TASK STATEMENT: Each line of the data below from the one holding "#75=LINE('',#74,#73);" to the one holding "#83=LINE('',#82,#81);", inclusive, is to be reproduced exactly; no other line belongs in the answer.

------------------------------------

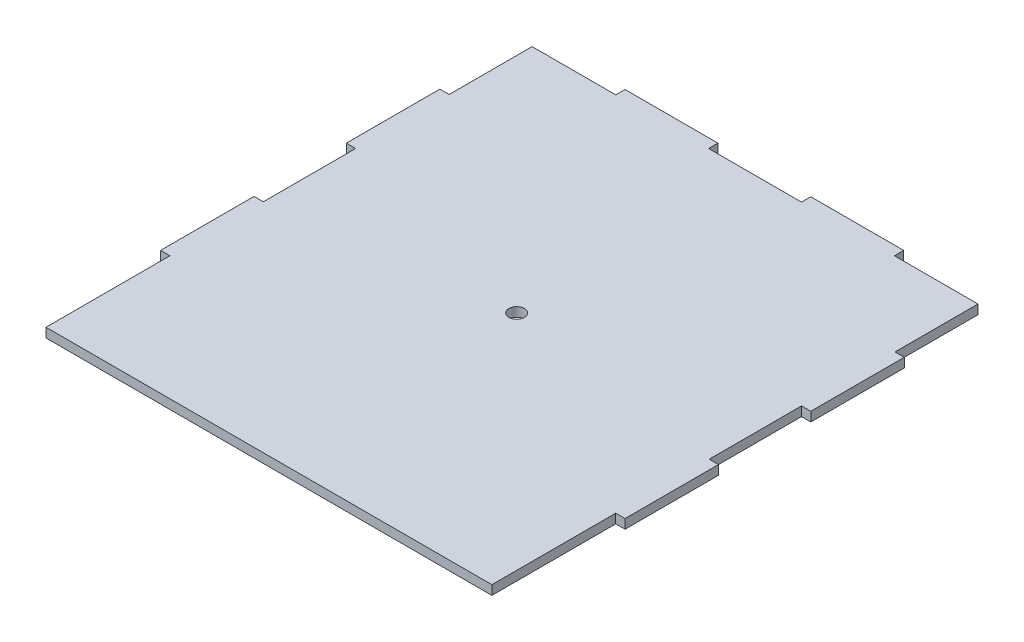
ISO-10303-21;
HEADER;
FILE_DESCRIPTION(('STEP AP214'),'2;1');
FILE_NAME('part.step','',(''),(''),'','','');
FILE_SCHEMA(('AUTOMOTIVE_DESIGN { 1 0 10303 214 1 1 1 1 }'));
ENDSEC;
DATA;
#1=APPLICATION_CONTEXT('core data for automotive mechanical design processes');
#2=APPLICATION_PROTOCOL_DEFINITION('international standard','automotive_design',2000,#1);
#3=PRODUCT_CONTEXT('',#1,'mechanical');
#4=PRODUCT('Part','Part','',(#3));
#5=PRODUCT_RELATED_PRODUCT_CATEGORY('part','',(#4));
#6=PRODUCT_DEFINITION_FORMATION('','',#4);
#7=PRODUCT_DEFINITION_CONTEXT('part definition',#1,'design');
#8=PRODUCT_DEFINITION('design','',#6,#7);
#9=PRODUCT_DEFINITION_SHAPE('','',#8);
#10=(LENGTH_UNIT() NAMED_UNIT(*) SI_UNIT(.MILLI.,.METRE.));
#11=(NAMED_UNIT(*) PLANE_ANGLE_UNIT() SI_UNIT($,.RADIAN.));
#12=(NAMED_UNIT(*) SI_UNIT($,.STERADIAN.) SOLID_ANGLE_UNIT());
#13=UNCERTAINTY_MEASURE_WITH_UNIT(LENGTH_MEASURE(1.E-05),#10,'distance_accuracy_value','');
#14=(GEOMETRIC_REPRESENTATION_CONTEXT(3) GLOBAL_UNCERTAINTY_ASSIGNED_CONTEXT((#13)) GLOBAL_UNIT_ASSIGNED_CONTEXT((#10,
#11,#12)) REPRESENTATION_CONTEXT('',''));
#15=CARTESIAN_POINT('',(0.,0.,0.));
#16=DIRECTION('',(0.,0.,1.));
#17=DIRECTION('',(1.,0.,0.));
#18=AXIS2_PLACEMENT_3D('',#15,#16,#17);
#19=CARTESIAN_POINT('',(0.,3.,0.));
#20=DIRECTION('',(0.,0.,-1.));
#21=DIRECTION('',(-1.,0.,0.));
#22=AXIS2_PLACEMENT_3D('',#19,#20,#21);
#23=PLANE('',#22);
#24=DIRECTION('',(1.,0.,0.));
#25=VECTOR('',#24,1.);
#26=CARTESIAN_POINT('',(0.,0.,0.));
#27=LINE('',#26,#25);
#28=CARTESIAN_POINT('',(3.00000000000114,0.,0.));
#29=VERTEX_POINT('',#28);
#30=CARTESIAN_POINT('',(147.,0.,0.));
#31=VERTEX_POINT('',#30);
#32=EDGE_CURVE('E259',#29,#31,#27,.T.);
#33=ORIENTED_EDGE('',*,*,#32,.T.);
#34=DIRECTION('',(0.,-1.,0.));
#35=VECTOR('',#34,1.);
#36=CARTESIAN_POINT('',(147.,3.,0.));
#37=LINE('',#36,#35);
#38=CARTESIAN_POINT('',(147.,3.,0.));
#39=VERTEX_POINT('',#38);
#40=EDGE_CURVE('E11',#39,#31,#37,.T.);
#41=ORIENTED_EDGE('',*,*,#40,.F.);
#42=DIRECTION('',(1.,0.,0.));
#43=VECTOR('',#42,1.);
#44=CARTESIAN_POINT('',(0.,3.,0.));
#45=LINE('',#44,#43);
#46=CARTESIAN_POINT('',(3.00000000000114,3.,0.));
#47=VERTEX_POINT('',#46);
#48=EDGE_CURVE('E796',#47,#39,#45,.T.);
#49=ORIENTED_EDGE('',*,*,#48,.F.);
#50=DIRECTION('',(0.,-1.,0.));
#51=VECTOR('',#50,1.);
#52=CARTESIAN_POINT('',(3.00000000000114,3.,0.));
#53=LINE('',#52,#51);
#54=EDGE_CURVE('E53',#47,#29,#53,.T.);
#55=ORIENTED_EDGE('',*,*,#54,.T.);
#56=EDGE_LOOP('',(#33,#41,#49,#55));
#57=FACE_BOUND('',#56,.T.);
#58=ADVANCED_FACE('F36',(#57),#23,.F.);
#59=CARTESIAN_POINT('',(147.,3.,0.));
#60=DIRECTION('',(-1.,0.,0.));
#61=DIRECTION('',(0.,0.,1.));
#62=AXIS2_PLACEMENT_3D('',#59,#60,#61);
#63=PLANE('',#62);
#64=DIRECTION('',(0.,0.,-1.));
#65=VECTOR('',#64,1.);
#66=CARTESIAN_POINT('',(147.,0.,0.));
#67=LINE('',#66,#65);
#68=CARTESIAN_POINT('',(147.,0.,-40.));
#69=VERTEX_POINT('',#68);
#70=EDGE_CURVE('E261',#31,#69,#67,.T.);
#71=ORIENTED_EDGE('',*,*,#70,.T.);
#72=DIRECTION('',(0.,-1.,0.));
#73=VECTOR('',#72,1.);
#74=CARTESIAN_POINT('',(147.,3.,-40.));
#75=LINE('',#74,#73);
#76=CARTESIAN_POINT('',(147.,3.,-40.));
#77=VERTEX_POINT('',#76);
#78=EDGE_CURVE('E45',#77,#69,#75,.T.);
#79=ORIENTED_EDGE('',*,*,#78,.F.);
#80=DIRECTION('',(0.,0.,-1.));
#81=VECTOR('',#80,1.);
#82=CARTESIAN_POINT('',(147.,3.,0.));
#83=LINE('',#82,#81);
#84=EDGE_CURVE('E151',#39,#77,#83,.T.);
#85=ORIENTED_EDGE('',*,*,#84,.F.);
#86=ORIENTED_EDGE('',*,*,#40,.T.);
#87=EDGE_LOOP('',(#71,#79,#85,#86));
#88=FACE_BOUND('',#87,.T.);
#89=ADVANCED_FACE('F470',(#88),#63,.F.);
#90=CARTESIAN_POINT('',(0.,3.,-40.));
#91=DIRECTION('',(0.,0.,-1.));
#92=DIRECTION('',(-1.,0.,0.));
#93=AXIS2_PLACEMENT_3D('',#90,#91,#92);
#94=PLANE('',#93);
#95=DIRECTION('',(1.,0.,0.));
#96=VECTOR('',#95,1.);
#97=CARTESIAN_POINT('',(0.,0.,-40.));
#98=LINE('',#97,#96);
#99=CARTESIAN_POINT('',(150.,0.,-40.));
#100=VERTEX_POINT('',#99);
#101=EDGE_CURVE('E263',#69,#100,#98,.T.);
#102=ORIENTED_EDGE('',*,*,#101,.T.);
#103=DIRECTION('',(0.,-1.,0.));
#104=VECTOR('',#103,1.);
#105=CARTESIAN_POINT('',(150.,3.,-40.));
#106=LINE('',#105,#104);
#107=CARTESIAN_POINT('',(150.,3.,-40.));
#108=VERTEX_POINT('',#107);
#109=EDGE_CURVE('E381',#108,#100,#106,.T.);
#110=ORIENTED_EDGE('',*,*,#109,.F.);
#111=DIRECTION('',(1.,0.,0.));
#112=VECTOR('',#111,1.);
#113=CARTESIAN_POINT('',(0.,3.,-40.));
#114=LINE('',#113,#112);
#115=EDGE_CURVE('E389',#77,#108,#114,.T.);
#116=ORIENTED_EDGE('',*,*,#115,.F.);
#117=ORIENTED_EDGE('',*,*,#78,.T.);
#118=EDGE_LOOP('',(#102,#110,#116,#117));
#119=FACE_BOUND('',#118,.T.);
#120=ADVANCED_FACE('F387',(#119),#94,.F.);
#121=CARTESIAN_POINT('',(150.,3.,0.));
#122=DIRECTION('',(-1.,0.,0.));
#123=DIRECTION('',(0.,0.,1.));
#124=AXIS2_PLACEMENT_3D('',#121,#122,#123);
#125=PLANE('',#124);
#126=DIRECTION('',(0.,0.,-1.));
#127=VECTOR('',#126,1.);
#128=CARTESIAN_POINT('',(150.,0.,0.));
#129=LINE('',#128,#127);
#130=CARTESIAN_POINT('',(150.,0.,-70.2));
#131=VERTEX_POINT('',#130);
#132=EDGE_CURVE('E265',#100,#131,#129,.T.);
#133=ORIENTED_EDGE('',*,*,#132,.T.);
#134=DIRECTION('',(0.,-1.,0.));
#135=VECTOR('',#134,1.);
#136=CARTESIAN_POINT('',(150.,3.,-70.2));
#137=LINE('',#136,#135);
#138=CARTESIAN_POINT('',(150.,3.,-70.2));
#139=VERTEX_POINT('',#138);
#140=EDGE_CURVE('E378',#139,#131,#137,.T.);
#141=ORIENTED_EDGE('',*,*,#140,.F.);
#142=DIRECTION('',(0.,0.,-1.));
#143=VECTOR('',#142,1.);
#144=CARTESIAN_POINT('',(150.,3.,0.));
#145=LINE('',#144,#143);
#146=EDGE_CURVE('E406',#108,#139,#145,.T.);
#147=ORIENTED_EDGE('',*,*,#146,.F.);
#148=ORIENTED_EDGE('',*,*,#109,.T.);
#149=EDGE_LOOP('',(#133,#141,#147,#148));
#150=FACE_BOUND('',#149,.T.);
#151=ADVANCED_FACE('F397',(#150),#125,.F.);
#152=CARTESIAN_POINT('',(0.,3.,-70.2));
#153=DIRECTION('',(0.,0.,1.));
#154=DIRECTION('',(1.,0.,0.));
#155=AXIS2_PLACEMENT_3D('',#152,#153,#154);
#156=PLANE('',#155);
#157=DIRECTION('',(-1.,0.,0.));
#158=VECTOR('',#157,1.);
#159=CARTESIAN_POINT('',(0.,0.,-70.2));
#160=LINE('',#159,#158);
#161=CARTESIAN_POINT('',(147.,0.,-70.2));
#162=VERTEX_POINT('',#161);
#163=EDGE_CURVE('E267',#131,#162,#160,.T.);
#164=ORIENTED_EDGE('',*,*,#163,.T.);
#165=DIRECTION('',(0.,-1.,0.));
#166=VECTOR('',#165,1.);
#167=CARTESIAN_POINT('',(147.,3.,-70.2));
#168=LINE('',#167,#166);
#169=CARTESIAN_POINT('',(147.,3.,-70.2));
#170=VERTEX_POINT('',#169);
#171=EDGE_CURVE('E375',#170,#162,#168,.T.);
#172=ORIENTED_EDGE('',*,*,#171,.F.);
#173=DIRECTION('',(-1.,0.,0.));
#174=VECTOR('',#173,1.);
#175=CARTESIAN_POINT('',(0.,3.,-70.2));
#176=LINE('',#175,#174);
#177=EDGE_CURVE('E403',#139,#170,#176,.T.);
#178=ORIENTED_EDGE('',*,*,#177,.F.);
#179=ORIENTED_EDGE('',*,*,#140,.T.);
#180=EDGE_LOOP('',(#164,#172,#178,#179));
#181=FACE_BOUND('',#180,.T.);
#182=ADVANCED_FACE('F401',(#181),#156,.F.);
#183=CARTESIAN_POINT('',(147.,3.,-1.36915087768371E-13));
#184=DIRECTION('',(-1.,0.,0.));
#185=DIRECTION('',(0.,0.,1.));
#186=AXIS2_PLACEMENT_3D('',#183,#184,#185);
#187=PLANE('',#186);
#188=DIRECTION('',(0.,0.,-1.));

------------------------------------

RESPONSE TO THIS TASK:
#75=LINE('',#74,#73);
#76=CARTESIAN_POINT('',(147.,3.,-40.));
#77=VERTEX_POINT('',#76);
#78=EDGE_CURVE('E45',#77,#69,#75,.T.);
#79=ORIENTED_EDGE('',*,*,#78,.F.);
#80=DIRECTION('',(0.,0.,-1.));
#81=VECTOR('',#80,1.);
#82=CARTESIAN_POINT('',(147.,3.,0.));
#83=LINE('',#82,#81);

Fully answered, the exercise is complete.